Without adequate formation, confronting inner conflict leads to regression. The desert (midbar), therefore, represents a necessary delay: a period of containment, dependence, and gradual vessel-building. The principle is well known in Chassidic thought: or bli keilim shover et ha-keilim—light without vessels breaks the vessels.

This principle is not absolute. Jewish law recognises a categorical exception where delay itself endangers life, health, or agency. Under the doctrine of pikuach nefesh, immediate intervention is mandated where waiting would cause harm.⁵ The correct posture is therefore discernment, not speed or hesitation as absolutes.

VI. Reasonable Adjustments and Cultural Literacy

Translated into legal terms, reasonable adjustments serve as mechanisms for vessel building. They allow time, space, indirect expression, and the possibility of silence without penalty. Without such adjustments, proportionality analysis under Articles 9 and 10 ECHR is distorted, and equality law risks collapsing into formalism.⁶

At the same time, adjustments must not serve as a pretext for omission when immediate safeguarding is required, even if only temporarily, with long-term implications of damages (civil and/or criminal). The challenge for practitioners is not choosing between action and restraint, but understanding when silence preserves agency and when it conceals danger. This requires cultural literacy: an ability to recognise how faith, neurodivergence, and trauma shape communication.

VII. The Panda Boy and Aloysius as Juridical Witnesses

The Panda Boy is a pseudonym born of this double bind. Aloysius, the narrator of a fictional work, exists because ordinary first-person speech became unsafe. Fiction became the only vessel capable of holding truth without immediate distortion.

This is not literary indulgence. It is a response to a legal reality: where speech is consistently misinterpreted and silence rewritten as consent, narrative becomes the last remaining form of agency. Aloysius is careful not because he has nothing to say, but because he has learned what happens when he speaks.

VIII. Conclusion

Silence is not always consent. Speech is not always truth. Between the two lies a fragile space in which agency either survives or is overwritten.
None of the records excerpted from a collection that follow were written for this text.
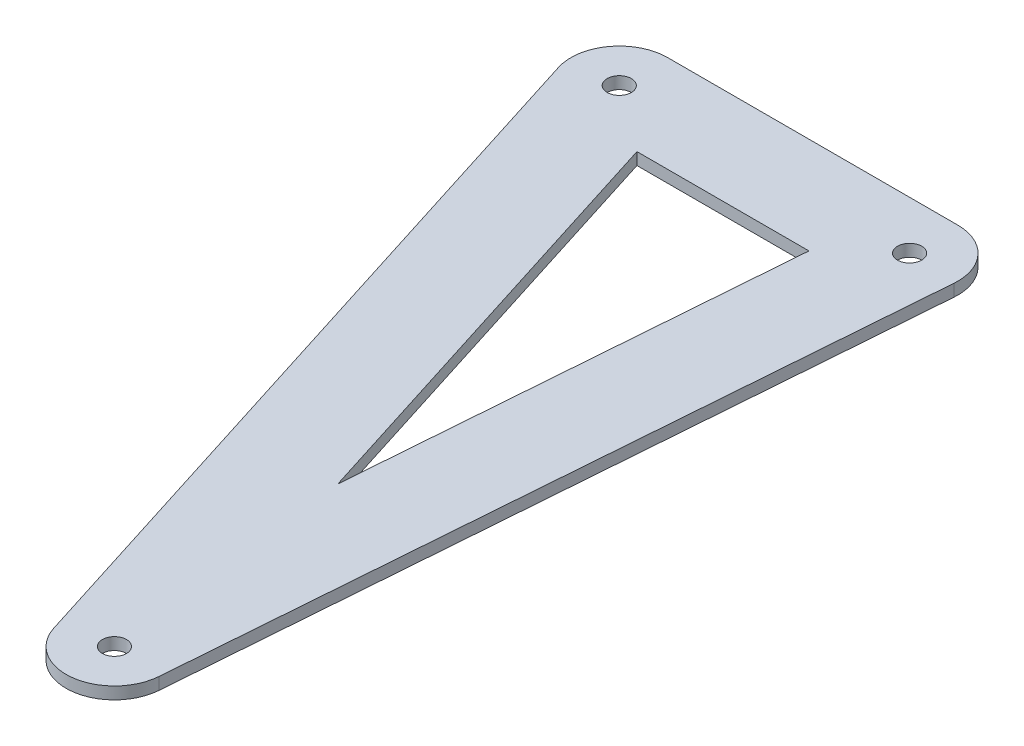
ISO-10303-21;
HEADER;
FILE_DESCRIPTION(('STEP AP214'),'2;1');
FILE_NAME('part.step','',(''),(''),'','','');
FILE_SCHEMA(('AUTOMOTIVE_DESIGN { 1 0 10303 214 1 1 1 1 }'));
ENDSEC;
DATA;
#1=APPLICATION_CONTEXT('core data for automotive mechanical design processes');
#2=APPLICATION_PROTOCOL_DEFINITION('international standard','automotive_design',2000,#1);
#3=PRODUCT_CONTEXT('',#1,'mechanical');
#4=PRODUCT('Part','Part','',(#3));
#5=PRODUCT_RELATED_PRODUCT_CATEGORY('part','',(#4));
#6=PRODUCT_DEFINITION_FORMATION('','',#4);
#7=PRODUCT_DEFINITION_CONTEXT('part definition',#1,'design');
#8=PRODUCT_DEFINITION('design','',#6,#7);
#9=PRODUCT_DEFINITION_SHAPE('','',#8);
#10=(LENGTH_UNIT() NAMED_UNIT(*) SI_UNIT(.MILLI.,.METRE.));
#11=(NAMED_UNIT(*) PLANE_ANGLE_UNIT() SI_UNIT($,.RADIAN.));
#12=(NAMED_UNIT(*) SI_UNIT($,.STERADIAN.) SOLID_ANGLE_UNIT());
#13=UNCERTAINTY_MEASURE_WITH_UNIT(LENGTH_MEASURE(1.E-05),#10,'distance_accuracy_value','');
#14=(GEOMETRIC_REPRESENTATION_CONTEXT(3) GLOBAL_UNCERTAINTY_ASSIGNED_CONTEXT((#13)) GLOBAL_UNIT_ASSIGNED_CONTEXT((#10,
#11,#12)) REPRESENTATION_CONTEXT('',''));
#15=CARTESIAN_POINT('',(0.,0.,0.));
#16=DIRECTION('',(0.,0.,1.));
#17=DIRECTION('',(1.,0.,0.));
#18=AXIS2_PLACEMENT_3D('',#15,#16,#17);
#19=CARTESIAN_POINT('',(88.4113421717857,3.175,6.82206997484308));
#20=DIRECTION('',(0.997036176936115,0.,0.0769341398900157));
#21=DIRECTION('',(0.0769341398900157,0.,-0.997036176936115));
#22=AXIS2_PLACEMENT_3D('',#19,#20,#21);
#23=PLANE('',#22);
#24=DIRECTION('',(-0.0769341398900157,0.,0.997036176936115));
#25=VECTOR('',#24,1.);
#26=CARTESIAN_POINT('',(88.4113421717857,0.,6.82206997484308));
#27=LINE('',#26,#25);
#28=CARTESIAN_POINT('',(88.8623594470887,0.,0.977063576603199));
#29=VERTEX_POINT('',#28);
#30=CARTESIAN_POINT('',(73.9121308904076,0.,194.726142279293));
#31=VERTEX_POINT('',#30);
#32=EDGE_CURVE('E173',#29,#31,#27,.T.);
#33=ORIENTED_EDGE('',*,*,#32,.F.);
#34=DIRECTION('',(0.,-1.,0.));
#35=VECTOR('',#34,1.);
#36=CARTESIAN_POINT('',(88.8623594470887,3.175,0.977063576603199));
#37=LINE('',#36,#35);
#38=CARTESIAN_POINT('',(88.8623594470887,3.175,0.977063576603199));
#39=VERTEX_POINT('',#38);
#40=EDGE_CURVE('E11',#39,#29,#37,.T.);
#41=ORIENTED_EDGE('',*,*,#40,.F.);
#42=DIRECTION('',(-0.0769341398900157,0.,0.997036176936115));
#43=VECTOR('',#42,1.);
#44=CARTESIAN_POINT('',(88.4113421717857,3.175,6.82206997484308));
#45=LINE('',#44,#43);
#46=CARTESIAN_POINT('',(73.9121308904076,3.175,194.726142279293));
#47=VERTEX_POINT('',#46);
#48=EDGE_CURVE('E194',#39,#47,#45,.T.);
#49=ORIENTED_EDGE('',*,*,#48,.T.);
#50=DIRECTION('',(0.,-1.,0.));
#51=VECTOR('',#50,1.);
#52=CARTESIAN_POINT('',(73.9121308904076,3.175,194.726142279293));
#53=LINE('',#52,#51);
#54=EDGE_CURVE('E91',#47,#31,#53,.T.);
#55=ORIENTED_EDGE('',*,*,#54,.T.);
#56=EDGE_LOOP('',(#33,#41,#49,#55));
#57=FACE_BOUND('',#56,.T.);
#58=ADVANCED_FACE('F35',(#57),#23,.T.);
#59=CARTESIAN_POINT('',(76.2,3.175,0.));
#60=DIRECTION('',(0.,-1.,0.));
#61=DIRECTION('',(0.,0.,-1.));
#62=AXIS2_PLACEMENT_3D('',#59,#60,#61);
#63=CYLINDRICAL_SURFACE('',#62,12.7);
#64=CARTESIAN_POINT('',(76.2,0.,0.));
#65=DIRECTION('',(0.,1.,0.));
#66=DIRECTION('',(0.,0.,1.));
#67=AXIS2_PLACEMENT_3D('',#64,#65,#66);
#68=CIRCLE('',#67,12.7);
#69=CARTESIAN_POINT('',(76.2,0.,-12.7));
#70=VERTEX_POINT('',#69);
#71=EDGE_CURVE('E170',#29,#70,#68,.T.);
#72=ORIENTED_EDGE('',*,*,#71,.T.);
#73=DIRECTION('',(0.,-1.,0.));
#74=VECTOR('',#73,1.);
#75=CARTESIAN_POINT('',(76.2,3.175,-12.7));
#76=LINE('',#75,#74);
#77=CARTESIAN_POINT('',(76.2,3.175,-12.7));
#78=VERTEX_POINT('',#77);
#79=EDGE_CURVE('E45',#78,#70,#76,.T.);
#80=ORIENTED_EDGE('',*,*,#79,.F.);
#81=CARTESIAN_POINT('',(76.2,3.175,0.));
#82=DIRECTION('',(0.,1.,0.));
#83=DIRECTION('',(0.,0.,1.));
#84=AXIS2_PLACEMENT_3D('',#81,#82,#83);
#85=CIRCLE('',#84,12.7);
#86=EDGE_CURVE('E192',#39,#78,#85,.T.);
#87=ORIENTED_EDGE('',*,*,#86,.F.);
#88=ORIENTED_EDGE('',*,*,#40,.T.);
#89=EDGE_LOOP('',(#72,#80,#87,#88));
#90=FACE_BOUND('',#89,.T.);
#91=ADVANCED_FACE('F226',(#90),#63,.T.);
#92=CARTESIAN_POINT('',(0.,3.175,-12.7));
#93=DIRECTION('',(0.,0.,-1.));
#94=DIRECTION('',(-1.,0.,0.));
#95=AXIS2_PLACEMENT_3D('',#92,#93,#94);
#96=PLANE('',#95);
#97=DIRECTION('',(1.,0.,0.));
#98=VECTOR('',#97,1.);
#99=CARTESIAN_POINT('',(0.,0.,-12.7));
#100=LINE('',#99,#98);
#101=CARTESIAN_POINT('',(0.,0.,-12.7));
#102=VERTEX_POINT('',#101);
#103=EDGE_CURVE('E167',#102,#70,#100,.T.);
#104=ORIENTED_EDGE('',*,*,#103,.F.);
#105=DIRECTION('',(0.,-1.,0.));
#106=VECTOR('',#105,1.);
#107=CARTESIAN_POINT('',(0.,3.175,-12.7));
#108=LINE('',#107,#106);
#109=CARTESIAN_POINT('',(0.,3.175,-12.7));
#110=VERTEX_POINT('',#109);
#111=EDGE_CURVE('E139',#110,#102,#108,.T.);
#112=ORIENTED_EDGE('',*,*,#111,.F.);
#113=DIRECTION('',(1.,0.,0.));
#114=VECTOR('',#113,1.);
#115=CARTESIAN_POINT('',(0.,3.175,-12.7));
#116=LINE('',#115,#114);
#117=EDGE_CURVE('E133',#110,#78,#116,.T.);
#118=ORIENTED_EDGE('',*,*,#117,.T.);
#119=ORIENTED_EDGE('',*,*,#79,.T.);
#120=EDGE_LOOP('',(#104,#112,#118,#119));
#121=FACE_BOUND('',#120,.T.);
#122=ADVANCED_FACE('F231',(#121),#96,.T.);
#123=CARTESIAN_POINT('',(0.,3.175,0.));
#124=DIRECTION('',(0.,-1.,0.));
#125=DIRECTION('',(0.,0.,-1.));
#126=AXIS2_PLACEMENT_3D('',#123,#124,#125);
#127=CYLINDRICAL_SURFACE('',#126,12.7);
#128=CARTESIAN_POINT('',(0.,0.,0.));
#129=DIRECTION('',(0.,1.,0.));
#130=DIRECTION('',(0.,0.,1.));
#131=AXIS2_PLACEMENT_3D('',#128,#129,#130);
#132=CIRCLE('',#131,12.7);
#133=CARTESIAN_POINT('',(-12.1093174189181,0.,3.82811071520744));
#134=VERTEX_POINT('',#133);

For practitioners and local authorities, the lesson is not to valorise silence uncritically, nor to abandon intervention. It is to recognise that safeguarding without cultural literacy risks becoming either coercive or negligent. The most serious failures occur not through malice, but through misunderstanding.

A legal system committed to dignity and care must therefore learn to wait discerningly—to recognise when silence is protection, when it is danger, and when forcing speech does more harm than good.

Footnotes (OSCOLA)

  1. See generally Equality Act 2010 ss 20–21; University of Bristol v Abrahart [2024] EWHC 299 (KB).

  2. Shalom DovBer Schneersohn, Sefer HaMa’amarim 5672 (Ayin Beis); Schneur Zalman of Liadi, Tanya ch 44.

  3. Jonathan Morgan, ‘A Riddle Wrapped in an Enigma: Assumption of Responsibility, Again’ (2022) 81(3) Cambridge Law Journal 449.

  4. Schneur Zalman of Liadi, Torah Ohr, Parashat Beshalach; Shemot (Exodus) 13:17.

  5. Babylonian Talmud Yoma 85b; Rambam, Mishneh Torah, Hilchot Shabbat 2:1–3; Shulchan Aruch Orach Chaim 328.

  6. Bank Mellat v HM Treasury (No 2) [2013] UKSC 39; European Convention on Human Rights arts 9–10.